The Institute of Medicine has said every cell has a sex. What does this mean? Sex is DNA. Gender is how someone presents themselves in society. And these two may not always match up, as we can see with our transgendered population. But it's important to realize that from the moment of conception, every cell in our bodies—skin, hair, heart and lungs—contains our own unique DNA, and that DNA contains the chromosomes that determine whether we become male or female, man or woman.
It used to be thought that those sex-determining chromosomes pictured here—XY if you're male, XX if you're female—merely determined whether you would be born with ovaries or testes, and it was the sex hormones that those organs produced that were responsible for the differences we see in the opposite sex. But we now know that that theory was wrong—or it's at least a little incomplete. And thankfully, scientists like Dr. Page from the Whitehead Institute, who works on the Y chromosome, and Doctor Yang from UCLA, they have found evidence that tells us that those sex-determining chromosomes that are in every cell in our bodies continue to remain active for our entire lives and could be what's responsible for the differences we see in the dosing of drugs, or why there are differences between men and women in the susceptibility and severity of diseases. This new knowledge is the game-changer, and it's up to those scientists that continue to find that evidence, but it's up to the clinicians to start translating this data at the bedside, today. Right now. And to help do this, I'm a co-founder of a national organization called Sex and Gender Women's Health Collaborative, and we collect all of this data so that it's available for teaching and for patient care. And we're working to bring together the medical educators to the table. That's a big job. It's changing the way medical training has been done since its inception.
But I believe in them. I know they're going to see the value of incorporating the gender lens into the current curriculum. It's about training the future health care providers correctly. And regionally, I'm a co-creator of a division within the Department of Emergency Medicine here at Brown University, called Sex and Gender in Emergency Medicine, and we conduct the research to determine the differences between men and women in emergent conditions, like heart disease and stroke and sepsis and substance abuse, but we also believe that education is paramount.
We've created a 360-degree model of education. We have programs for the doctors, for the nurses, for the students, and for the patients, because this cannot just be left up to the health care leaders.
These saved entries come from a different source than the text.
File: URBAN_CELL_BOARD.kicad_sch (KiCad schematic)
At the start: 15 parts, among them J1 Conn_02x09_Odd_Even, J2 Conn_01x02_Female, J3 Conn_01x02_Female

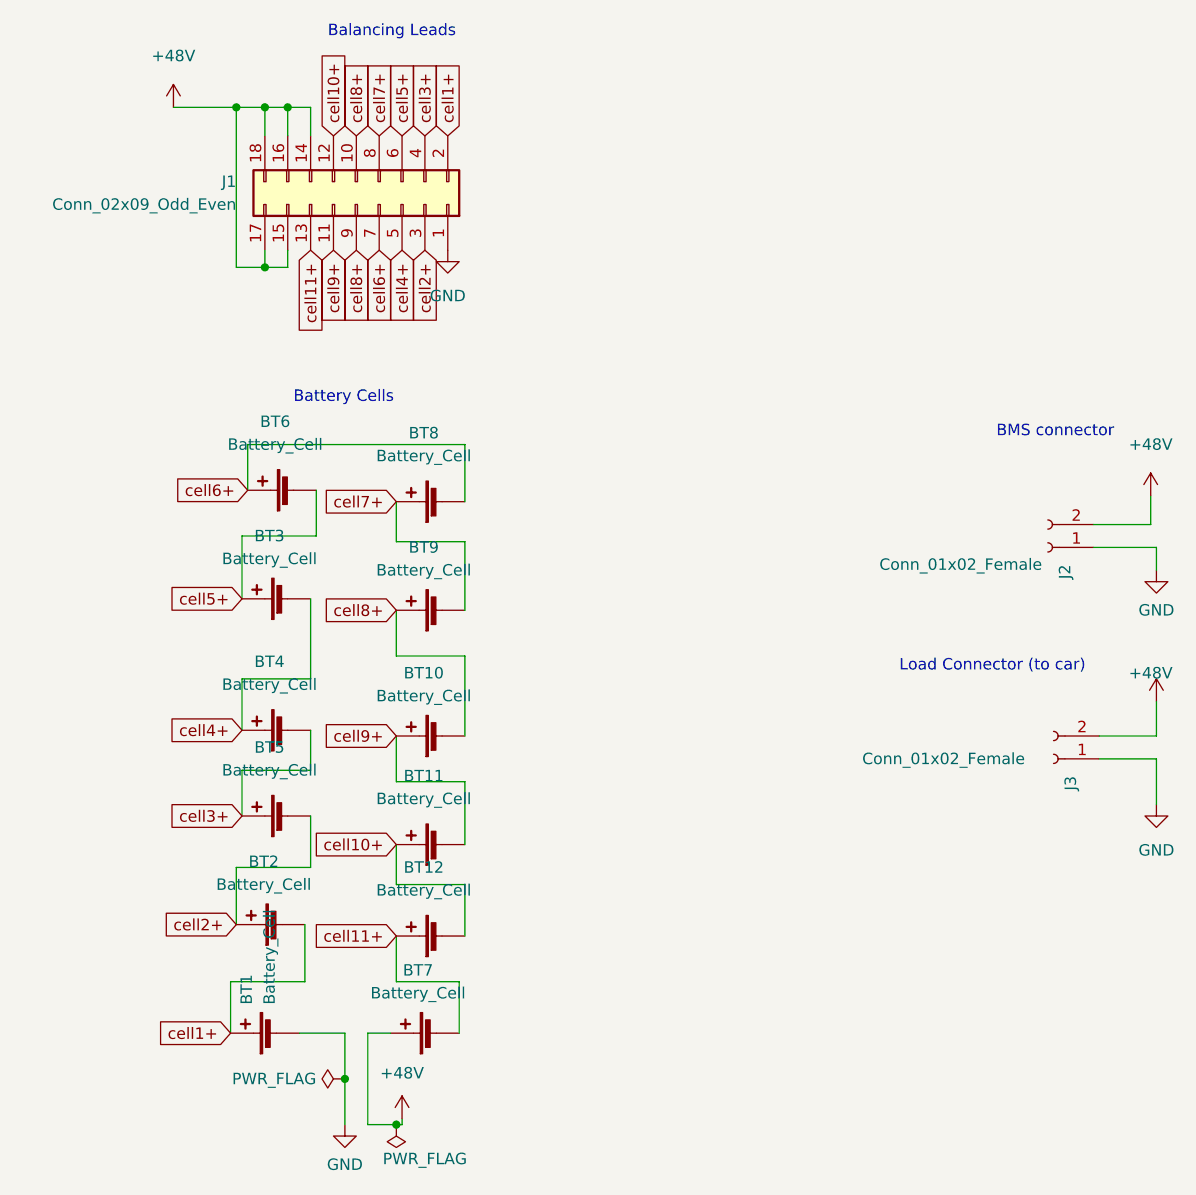
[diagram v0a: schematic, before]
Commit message: most of layout done and custom footprints made for battery blocks
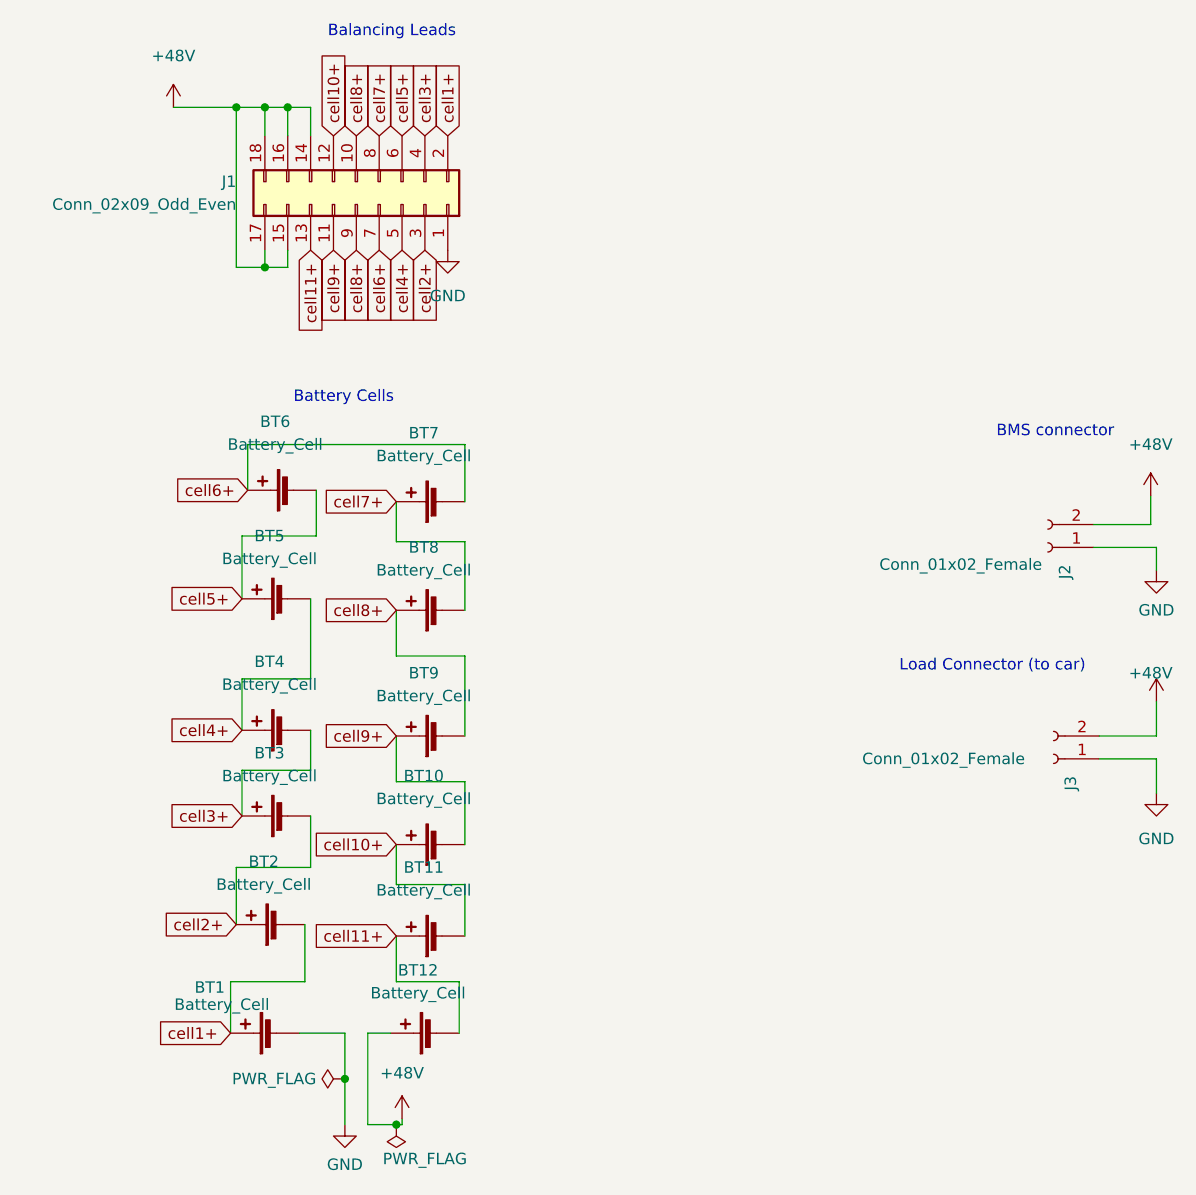
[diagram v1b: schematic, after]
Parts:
- BT1, BT2, BT4, BT6: footprint (none) -> Battery:Energus Li1x4pVTC6T
- BT10: renamed from BT11; footprint (none) -> Battery:Energus Li1x4pVTC6T
- BT11: renamed from BT12; footprint (none) -> Battery:Energus Li1x4pVTC6T
- BT12: renamed from BT7; footprint (none) -> Battery:Energus Li1x4pVTC6T
- BT3: renamed from BT5; footprint (none) -> Battery:Energus Li1x4pVTC6T
- BT5: renamed from BT3; footprint (none) -> Battery:Energus Li1x4pVTC6T
- BT7: renamed from BT8; footprint (none) -> Battery:Energus Li1x4pVTC6T
- BT8: renamed from BT9; footprint (none) -> Battery:Energus Li1x4pVTC6T
- BT9: renamed from BT10; footprint (none) -> Battery:Energus Li1x4pVTC6T
- J3: footprint TerminalBlock_TE-Connectivity:TE_1986660-2 -> TerminalBlock_TE-Connectivity:TerminalBlock_TE_282834-2_1x02_P2.54mm_Horizontal

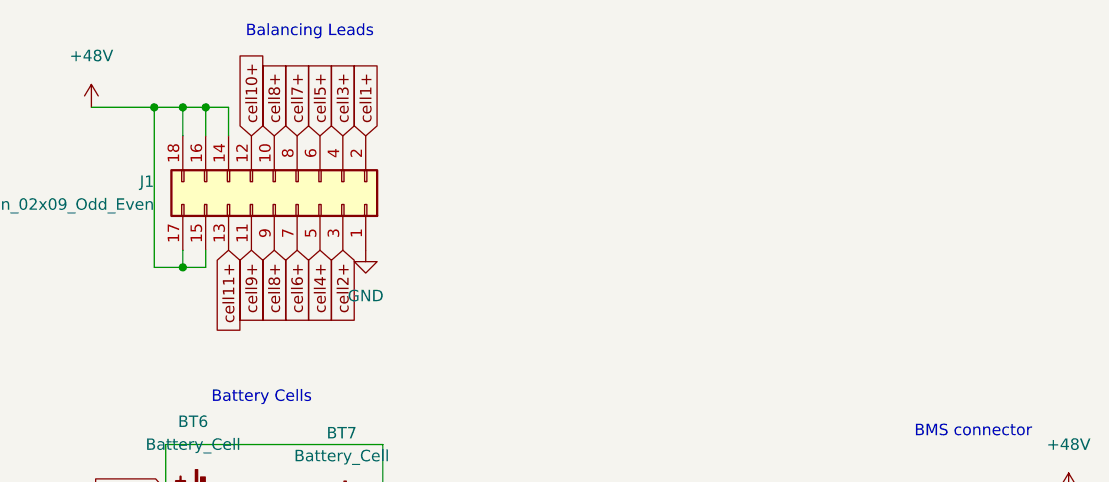
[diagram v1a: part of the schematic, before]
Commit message: fixed connector footprints, edited connector symbols, added mounting holes, solved DRC routing issue, created 48V and GND filled zones around one connector, made silkscreen edits
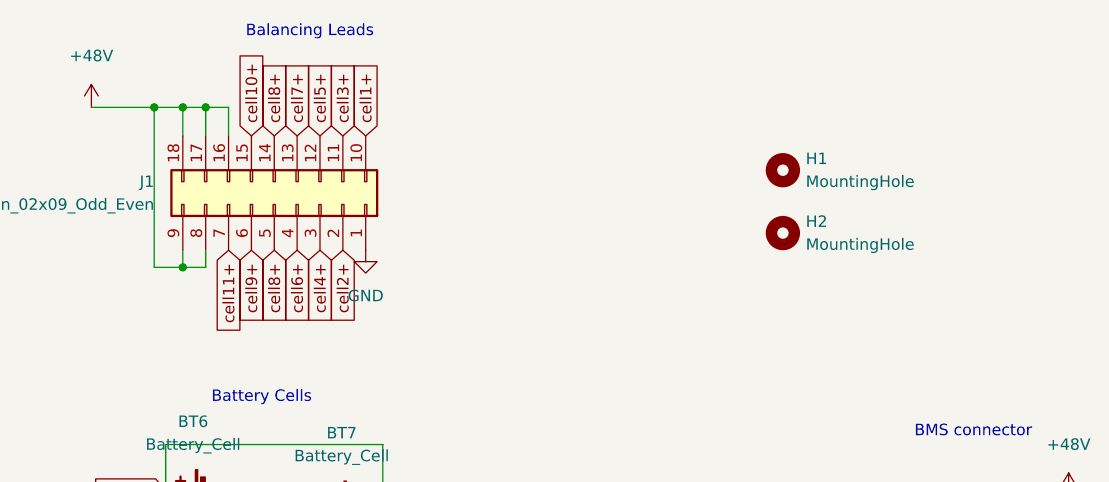
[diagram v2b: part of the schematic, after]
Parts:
- added H1, H2: MountingHole, MountingHole:MountingHole_8.4mm_M8, symbol Mechanical:MountingHole
- J1: symbol Connector_Generic:Conn_02x09_Odd_Even -> Connector_Generic:Conn_02x09_Top_Bottom
- J3: footprint TerminalBlock_TE-Connectivity:TerminalBlock_TE_282834-2_1x02_P2.54mm_Horizontal -> TerminalBlock_TE-Connectivity:TE_1986660-2
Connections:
- net +48V: now also J1.8 (Pin_8), J1.9 (Pin_9); no longer J1.14 (Pin_14), J1.15 (Pin_15)
- net cell1+: now also J1.10 (Pin_10); no longer J1.2 (Pin_2)
- net cell10+: now also J1.15 (Pin_15); no longer J1.12 (Pin_12)
- net cell11+: now also J1.7 (Pin_7); no longer J1.13 (Pin_13)
- net cell2+: now also J1.2 (Pin_2); no longer J1.3 (Pin_3)
- net cell3+: now also J1.11 (Pin_11); no longer J1.4 (Pin_4)
- net cell4+: now also J1.3 (Pin_3); no longer J1.5 (Pin_5)
- net cell5+: now also J1.12 (Pin_12); no longer J1.6 (Pin_6)
- net cell6+: now also J1.4 (Pin_4); no longer J1.7 (Pin_7)
- net cell7+: now also J1.13 (Pin_13); no longer J1.8 (Pin_8)
- net cell8+: now also J1.14 (Pin_14), J1.5 (Pin_5); no longer J1.10 (Pin_10), J1.9 (Pin_9)
- net cell9+: now also J1.6 (Pin_6); no longer J1.11 (Pin_11)
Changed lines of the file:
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@@
     (pin "2")
   )
-  (symbol (lib_id "Connector_Generic:Conn_02x09_Odd_Even") (at 59.055 33.02 270) (mirror x) (unit 1)
+  (symbol (lib_id "Mechanical:MountingHole") (at 115.57 29.21 0) (unit 1)
+    (in_bom yes) (on_board yes) (fields_autoplaced)
+    (property "Reference" "H1" (id 0) (at 118.11 27.9399 0)
+      (effects (font (size 1.27 1.27)) (justify left))
+    )
+    (property "Value" "MountingHole" (id 1) (at 118.11 30.4799 0)
+      (effects (font (size 1.27 1.27)) (justify left))
+    )
+    (property "Footprint" "MountingHole:MountingHole_8.4mm_M8" (id 2) (at 115.57 29.21 0)
+      (effects (font (size 1.27 1.27)) hide)
+    )
+    (property "Datasheet" "~" (id 3) (at 115.57 29.21 0)
+      (effects (font (size 1.27 1.27)) hide)
+    )
+  )
+  (symbol (lib_id "Connector_Generic:Conn_02x09_Top_Bottom") (at 59.055 33.02 270) (mirror x) (unit 1)
     (in_bom yes) (on_board yes) (fields_autoplaced)
     (property "Reference" "J1" (id 0) (at 45.72 30.4799 90)
@@
       (effects (font (size 1.27 1.27)) hide)
     )
-    (property "Datasheet" "https://www.digikey.ca/en/products/detail/molex/0039301182/930340" (id 3) (at 59.055 33.02 0)
+    (property "Datasheet" "~" (id 3) (at 59.055 33.02 0)
       (effects (font (size 1.27 1.27)) hide)
     )
@@
     (pin "1")
   )
+  (symbol (lib_id "Mechanical:MountingHole") (at 115.57 36.195 0) (unit 1)
+    (in_bom yes) (on_board yes) (fields_autoplaced)
+    (property "Reference" "H2" (id 0) (at 118.11 34.9249 0)
+      (effects (font (size 1.27 1.27)) (justify left))
+    )
+    (property "Value" "MountingHole" (id 1) (at 118.11 37.4649 0)
+      (effects (font (size 1.27 1.27)) (justify left))
+    )
+    (property "Footprint" "MountingHole:MountingHole_8.4mm_M8" (id 2) (at 115.57 36.195 0)
+      (effects (font (size 1.27 1.27)) hide)
+    )
+    (property "Datasheet" "~" (id 3) (at 115.57 36.195 0)
+      (effects (font (size 1.27 1.27)) hide)
+    )
+  )
   (symbol (lib_id "power:PWR_FLAG") (at 57.785 130.175 90) (unit 1)
     (in_bom yes) (on_board yes) (fields_autoplaced)
@@
       (effects (font (size 1.27 1.27)) (justify left))
     )
-    (property "Footprint" "TerminalBlock_TE-Connectivity:TerminalBlock_TE_282834-2_1x02_P2.54mm_Horizontal" (id 2) (at 136.525 94.615 0)
+    (property "Footprint" "TerminalBlock_TE-Connectivity:TE_1986660-2" (id 2) (at 136.525 94.615 0)
       (effects (font (size 1.27 1.27)) hide)
     )
@@
       (reference "BT12") (unit 1) (value "Battery_Cell") (footprint "Battery:Energus Li1x4pVTC6T")
     )
+    (path "/7a60d2ea-6711-47ba-a176-51bc40723dbe"
+      (reference "H1") (unit 1) (value "MountingHole") (footprint "MountingHole:MountingHole_8.4mm_M8")
+    )
+    (path "/d0edf088-bf65-42bc-9ffa-7aea9ff5522c"
+      (reference "H2") (unit 1) (value "MountingHole") (footprint "MountingHole:MountingHole_8.4mm_M8")
+    )
     (path "/7dd28c58-6b6d-4976-852a-2e65cdece38e"
       (reference "J1") (unit 1) (value "Conn_02x09_Odd_Even") (footprint "Connector_Molex:Molex_Mini-Fit_Jr_5569-18A2_2x09_P4.20mm_Horizontal")
@@
     )
     (path "/d8409391-3828-4519-a15f-11b886edf7c0"
-      (reference "J3") (unit 1) (value "Conn_01x02_Female") (footprint "TerminalBlock_TE-Connectivity:TerminalBlock_TE_282834-2_1x02_P2.54mm_Horizontal")
-    )
-  )
+      (reference "J3") (unit 1) (value "Conn_01x02_Female") (footprint "TerminalBlock_TE-Connectivity:TE_1986660-2")
+    )
+  )

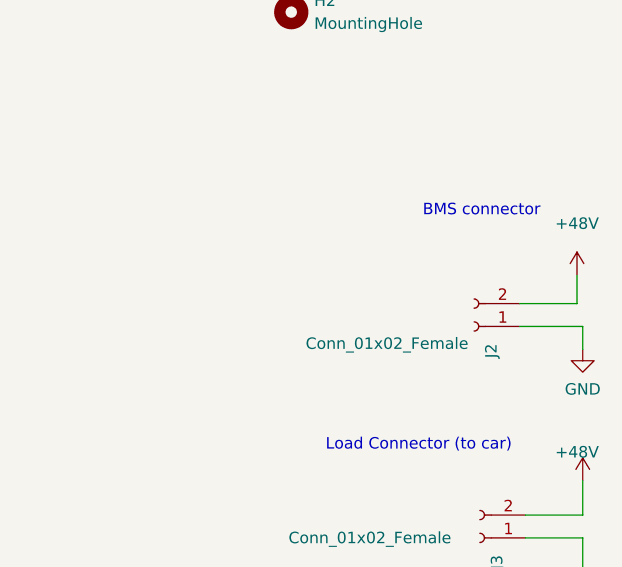
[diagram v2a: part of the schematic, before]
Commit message: replaced charge terminal with two larger single position ones, fixed labelling
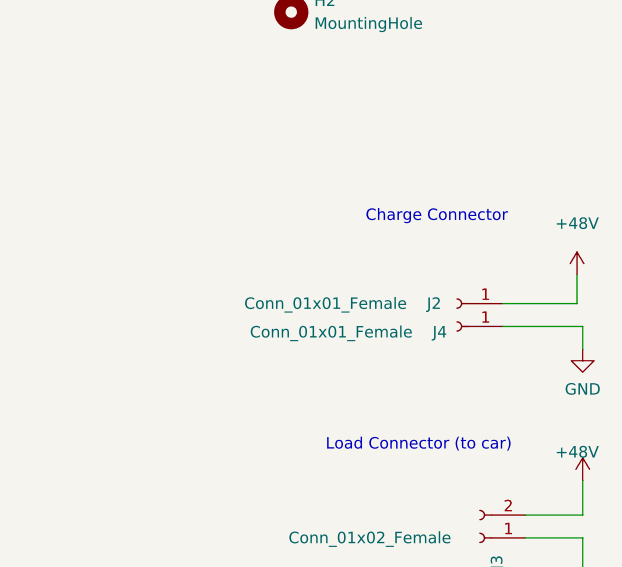
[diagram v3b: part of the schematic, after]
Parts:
- removed J2: Conn_01x02_Female, TerminalBlock_TE-Connectivity:TerminalBlock_TE_282834-2_1x02_P2.54mm_Horizontal, symbol Connector:Conn_01x02_Female
- added J2, J4: Conn_01x01_Female, Phoenix_1889262:1889262, symbol Connector:Conn_01x01_Female
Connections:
- net +48V: now also J2.1 (Pin_1)
- net GND: now also J4.1 (Pin_1)
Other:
- note added: "Charge Connector"
- note removed: "BMS connector"
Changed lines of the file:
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@@
     (stroke (width 0) (type default) (color 0 0 0 0))
   )
-  (wire (pts (xy 140.97 71.12) (xy 147.955 71.12))
+  (wire (pts (xy 139.065 71.12) (xy 147.955 71.12))
     (stroke (width 0) (type default) (color 0 0 0 0))
   )
@@
     (stroke (width 0) (type default) (color 0 0 0 0))
   )
-  (wire (pts (xy 140.97 68.58) (xy 147.32 68.58))
+  (wire (pts (xy 139.065 68.58) (xy 147.32 68.58))
     (stroke (width 0) (type default) (color 0 0 0 0))
   )
@@
     (effects (font (size 1.27 1.27)) (justify left bottom))
   )
-  (text "BMS connector\n" (at 130.175 59.055 0)
+  (text "Charge Connector" (at 123.825 59.69 0)
     (effects (font (size 1.27 1.27)) (justify left bottom))
   )
@@
     (pin "1")
   )
+  (symbol (lib_id "Connector:Conn_01x01_Female") (at 133.985 68.58 180) (unit 1)
+    (in_bom yes) (on_board yes)
+    (property "Reference" "J2" (id 0) (at 131.445 68.58 0))
+    (property "Value" "Conn_01x01_Female" (id 1) (at 119.38 68.58 0))
+    (property "Footprint" "Phoenix_1889262:1889262" (id 2) (at 133.985 68.58 0)
+      (effects (font (size 1.27 1.27)) hide)
+    )
+    (property "Datasheet" "https://media.digikey.com/pdf/Data%20Sheets/Phoenix%20Contact%20PDFs/1889262.pdf" (id 3) (at 133.985 68.58 0)
+      (effects (font (size 1.27 1.27)) hide)
+    )
+    (pin "1")
+  )
   (symbol (lib_id "Device:Battery_Cell") (at 68.58 92.075 90) (unit 1)
     (in_bom yes) (on_board yes) (fields_autoplaced)
@@
       (effects (font (size 1.27 1.27)) hide)
     )
+  )
+  (symbol (lib_id "Connector:Conn_01x01_Female") (at 133.985 71.12 180) (unit 1)
+    (in_bom yes) (on_board yes)
+    (property "Reference" "J4" (id 0) (at 132.08 71.755 0))
+    (property "Value" "Conn_01x01_Female" (id 1) (at 120.015 71.755 0))
+    (property "Footprint" "Phoenix_1889262:1889262" (id 2) (at 133.985 71.12 0)
+      (effects (font (size 1.27 1.27)) hide)
+    )
+    (property "Datasheet" "https://media.digikey.com/pdf/Data%20Sheets/Phoenix%20Contact%20PDFs/1889262.pdf" (id 3) (at 133.985 71.12 0)
+      (effects (font (size 1.27 1.27)) hide)
+    )
+    (pin "1")
   )
   (symbol (lib_id "Connector_Generic:Conn_02x09_Top_Bottom") (at 59.055 33.02 270) (mirror x) (unit 1)
@@
     (pin "9")
   )
-  (symbol (lib_id "Connector:Conn_01x02_Female") (at 135.89 71.12 180) (unit 1)
-    (in_bom yes) (on_board yes)
-    (property "Reference" "J2" (id 0) (at 137.7951 73.025 90)
-      (effects (font (size 1.27 1.27)) (justify left))
-    )
-    (property "Value" "Conn_01x02_Female" (id 1) (at 135.2551 73.025 0)
-      (effects (font (size 1.27 1.27)) (justify left))
-    )
-    (property "Footprint" "TerminalBlock_TE-Connectivity:TerminalBlock_TE_282834-2_1x02_P2.54mm_Horizontal" (id 2) (at 135.89 71.12 0)
-      (effects (font (size 1.27 1.27)) hide)
-    )
-    (property "Datasheet" "https://www.te.com/commerce/DocumentDelivery/DDEController?Action=srchrtrv&DocNm=282834&DocType=Customer+Drawing&DocLang=English" (id 3) (at 135.89 71.12 0)
-      (effects (font (size 1.27 1.27)) hide)
-    )
-    (pin "1")
-    (pin "2")
-  )
   (symbol (lib_id "Device:Battery_Cell") (at 68.58 114.3 90) (unit 1)
     (in_bom yes) (on_board yes) (fields_autoplaced)
@@
       (reference "J1") (unit 1) (value "Conn_02x09_Odd_Even") (footprint "Connector_Molex:Molex_Mini-Fit_Jr_5569-18A2_2x09_P4.20mm_Horizontal")
     )
-    (path "/83f74789-fc1c-4851-9e55-0808e022bb95"
-      (reference "J2") (unit 1) (value "Conn_01x02_Female") (footprint "TerminalBlock_TE-Connectivity:TerminalBlock_TE_282834-2_1x02_P2.54mm_Horizontal")
+    (path "/73835217-2342-4e74-b243-2594edd1a62e"
+      (reference "J2") (unit 1) (value "Conn_01x01_Female") (footprint "Phoenix_1889262:1889262")
     )
     (path "/d8409391-3828-4519-a15f-11b886edf7c0"
       (reference "J3") (unit 1) (value "Conn_01x02_Female") (footprint "TerminalBlock_TE-Connectivity:TE_1986660-2")
     )
-  )
+    (path "/7cd7a55c-d470-4b7c-ae21-15f755e6fe2d"
+      (reference "J4") (unit 1) (value "Conn_01x01_Female") (footprint "Phoenix_1889262:1889262")
+    )
+  )

We all have a role in making a difference. But I must warn you: this is not easy. In fact, it's hard. It's essentially changing the way we think about medicine and health and research. It's changing our relationship to the health care system. But there's no going back. We now know just enough to know that we weren't doing it right.
Martin Luther King, Jr. has said, "Change does not roll in on the wheels of inevitability, but comes through continuous struggle." And the first step towards change is awareness. This is not just about improving medical care for women. This is about personalized, individualized health care for everyone. This awareness has the power to transform medical care for men and women. And from now on, I want you to ask your doctors whether the treatments you are receiving are specific to your sex and gender. They may not know the answer—yet. But the conversation has begun, and together we can all learn. Remember, for me and my colleagues in this field, your sex and gender matter.